Items from a data source:
──────────────────────────────
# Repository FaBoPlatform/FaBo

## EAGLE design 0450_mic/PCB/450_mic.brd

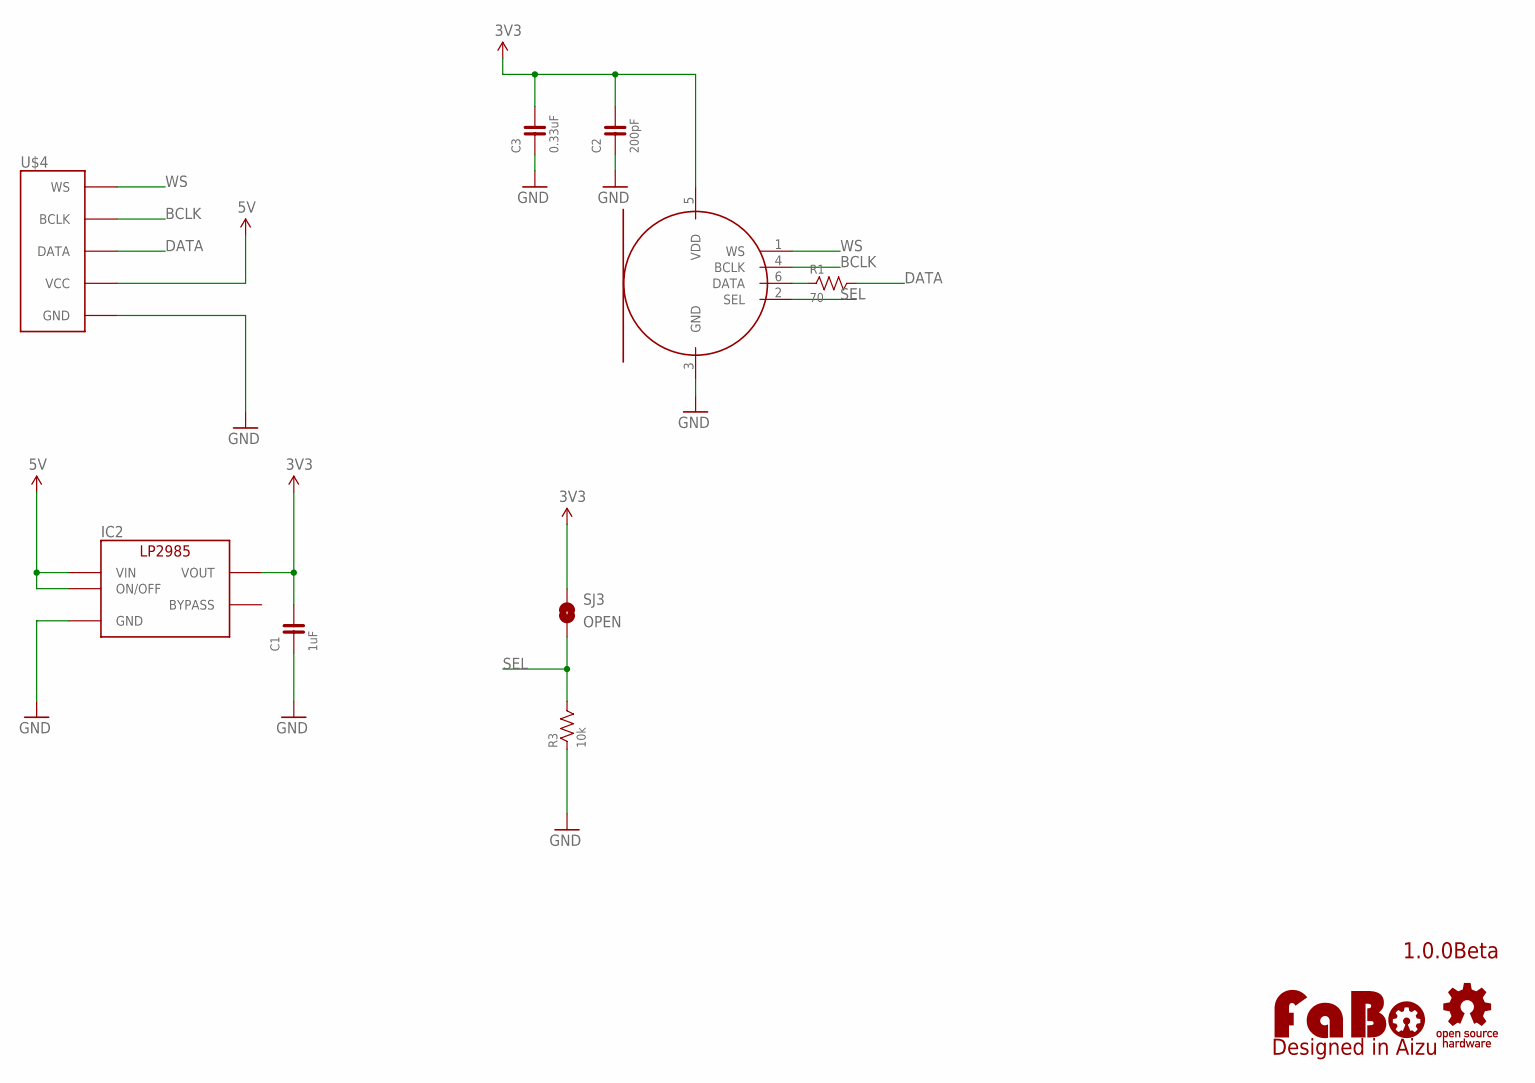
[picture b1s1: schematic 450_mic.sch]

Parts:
C1: 1uF; 0603
C2: 200pF; 0603
C3: 0.33uF; 0603
IC2: LP2985-33DBV; SOT-23-5
LOGO1: LOGO_FABO-M_BOTTOM; LOGO_FABO_M_BOTTOM
MIC1: KW-SPH0645; KNOWLES-SPH0645
R1: 70; 0603
R3: 10k; 0603
SJ3: OPEN; SMD-JUMPER-2-OPEN
U$2: LOGO_OSHW-M_BOTTOM; LOGO_OSHW_M_BOTTOM
U$4: FABO_BRICK_I2S

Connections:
3V3: C1.2, C2.2, C3.2, IC2.5 (VOUT), MIC1.5 (VDD), SJ3.1
5V: IC2.1 (VIN), IC2.3 (ON/OFF), U$4.VCC
BCLK: MIC1.4 (BCLK), U$4.BCLK
DATA: R1.2, U$4.DATA
GND: C1.1, C2.1, C3.1, IC2.2 (GND), MIC1.3 (GND), R3.1, U$4.GND
unnamed: MIC1.6 (DATA), R1.1
SEL: MIC1.2 (SEL), R3.2, SJ3.2
WS: MIC1.1 (WS), U$4.WS

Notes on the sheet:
1.0.0Beta

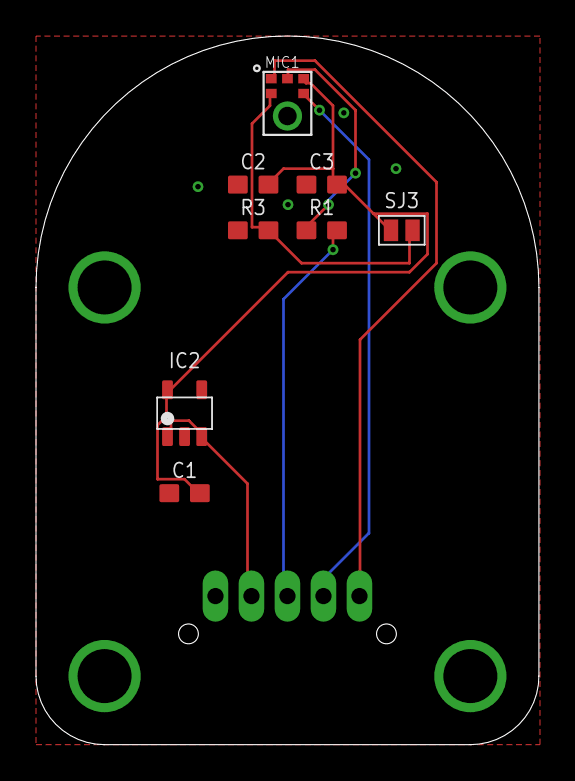
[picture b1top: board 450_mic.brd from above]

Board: 2 copper layers, 27.9 x 39.4 mm, 11 parts (0 on the bottom side), 8 nets.

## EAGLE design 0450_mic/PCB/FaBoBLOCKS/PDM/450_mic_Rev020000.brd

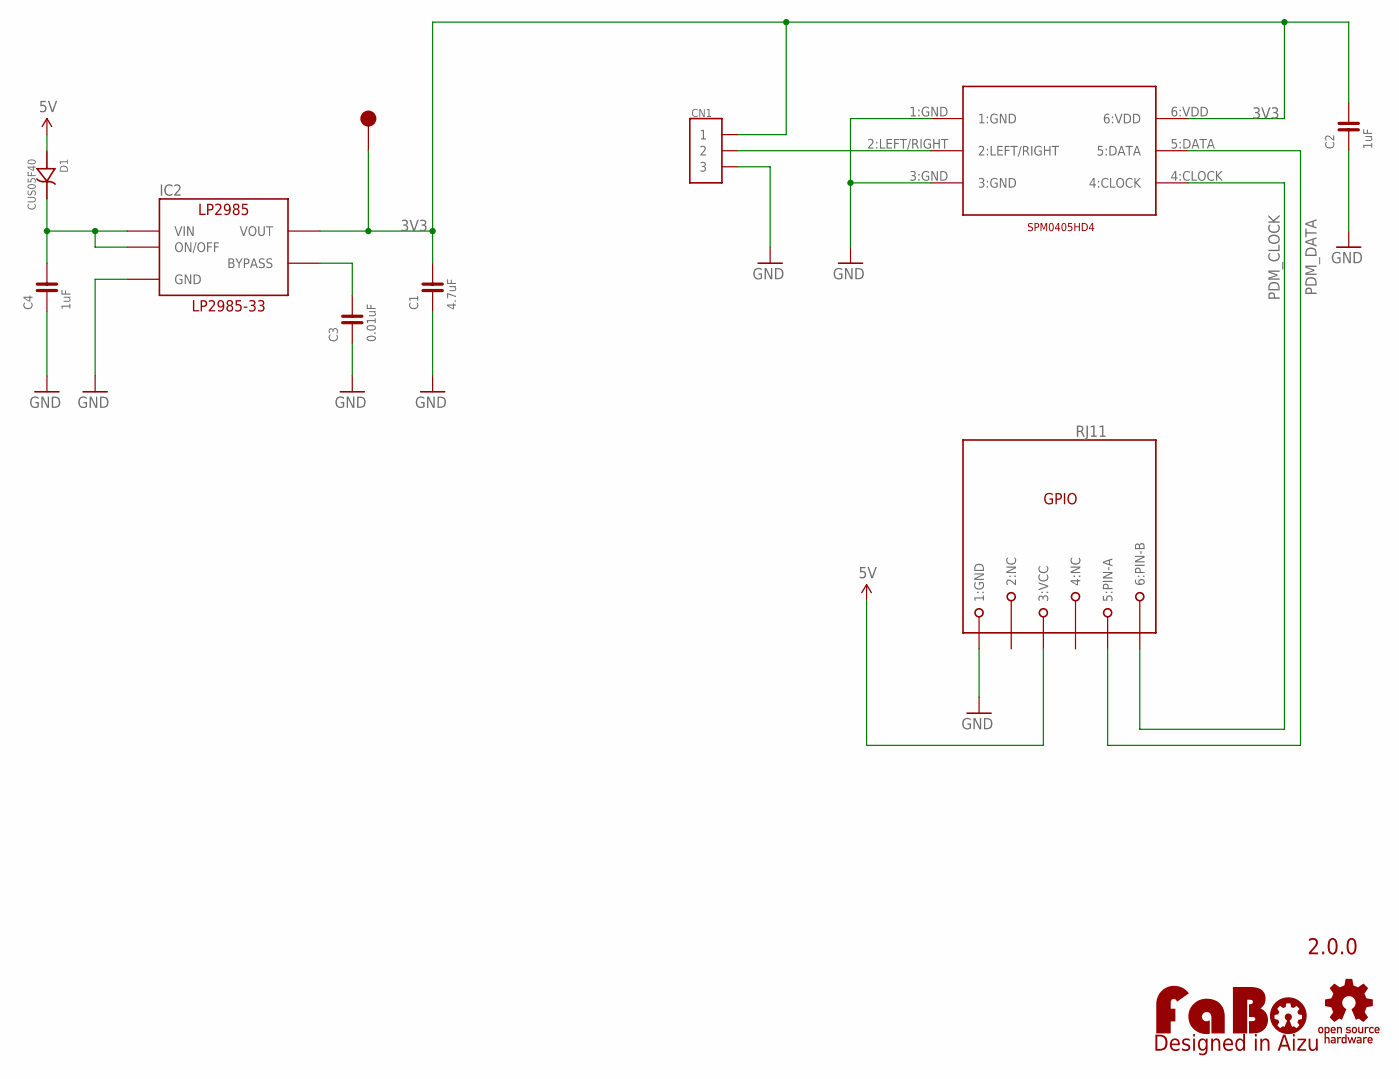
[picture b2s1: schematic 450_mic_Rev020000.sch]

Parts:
C1: 4.7uF; 0603
C2, C4: 1uF; 0603
C3: 0.01uF; 0603
CN1: PIN_1X3
D1: CUS05F40
IC2: LP2985-33DBV; SOT-23-5
LOGO1: LOGO_FABO-M; LOGO_FABO_M
RJ11: MODULAR-JACK-6P-RJ11_GPIO; 7002-6PXC-X
TP3: TP-15
U$2: LOGO_OSHW-M_BOTTOM; LOGO_OSHW_M_BOTTOM
U$5: SPM0405H; SPM4050

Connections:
3V3: C1.2, C2.2, CN1.1, IC2.5 (VOUT), TP3.1, U$5.6:VDD
5V: D1.A (ANODE), RJ11.3 (3:VCC)
GND: C1.1, C2.1, C3.1, C4.1, CN1.3, IC2.2 (GND), RJ11.1 (1:GND), U$5.1:GND, U$5.3:GND
unnamed: C3.2, IC2.4 (BYPASS)
unnamed: C4.2, D1.C (CATHODE), IC2.1 (VIN), IC2.3 (ON/OFF)
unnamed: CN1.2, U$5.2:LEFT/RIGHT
──────────────────────────────
Give the data above again, exactly and completely. No pictures go in.

# Repository FaBoPlatform/FaBo

## EAGLE design 0450_mic/PCB/450_mic.brd

[picture b1s1: schematic 450_mic.sch]

Parts:
C1: 1uF; 0603
C2: 200pF; 0603
C3: 0.33uF; 0603
IC2: LP2985-33DBV; SOT-23-5
LOGO1: LOGO_FABO-M_BOTTOM; LOGO_FABO_M_BOTTOM
MIC1: KW-SPH0645; KNOWLES-SPH0645
R1: 70; 0603
R3: 10k; 0603
SJ3: OPEN; SMD-JUMPER-2-OPEN
U$2: LOGO_OSHW-M_BOTTOM; LOGO_OSHW_M_BOTTOM
U$4: FABO_BRICK_I2S

Connections:
3V3: C1.2, C2.2, C3.2, IC2.5 (VOUT), MIC1.5 (VDD), SJ3.1
5V: IC2.1 (VIN), IC2.3 (ON/OFF), U$4.VCC
BCLK: MIC1.4 (BCLK), U$4.BCLK
DATA: R1.2, U$4.DATA
GND: C1.1, C2.1, C3.1, IC2.2 (GND), MIC1.3 (GND), R3.1, U$4.GND
unnamed: MIC1.6 (DATA), R1.1
SEL: MIC1.2 (SEL), R3.2, SJ3.2
WS: MIC1.1 (WS), U$4.WS

Notes on the sheet:
1.0.0Beta

[picture b1top: board 450_mic.brd from above]

Board: 2 copper layers, 27.9 x 39.4 mm, 11 parts (0 on the bottom side), 8 nets.

## EAGLE design 0450_mic/PCB/FaBoBLOCKS/PDM/450_mic_Rev020000.brd

[picture b2s1: schematic 450_mic_Rev020000.sch]

Parts:
C1: 4.7uF; 0603
C2, C4: 1uF; 0603
C3: 0.01uF; 0603
CN1: PIN_1X3
D1: CUS05F40
IC2: LP2985-33DBV; SOT-23-5
LOGO1: LOGO_FABO-M; LOGO_FABO_M
RJ11: MODULAR-JACK-6P-RJ11_GPIO; 7002-6PXC-X
TP3: TP-15
U$2: LOGO_OSHW-M_BOTTOM; LOGO_OSHW_M_BOTTOM
U$5: SPM0405H; SPM4050

Connections:
3V3: C1.2, C2.2, CN1.1, IC2.5 (VOUT), TP3.1, U$5.6:VDD
5V: D1.A (ANODE), RJ11.3 (3:VCC)
GND: C1.1, C2.1, C3.1, C4.1, CN1.3, IC2.2 (GND), RJ11.1 (1:GND), U$5.1:GND, U$5.3:GND
unnamed: C3.2, IC2.4 (BYPASS)
unnamed: C4.2, D1.C (CATHODE), IC2.1 (VIN), IC2.3 (ON/OFF)
unnamed: CN1.2, U$5.2:LEFT/RIGHT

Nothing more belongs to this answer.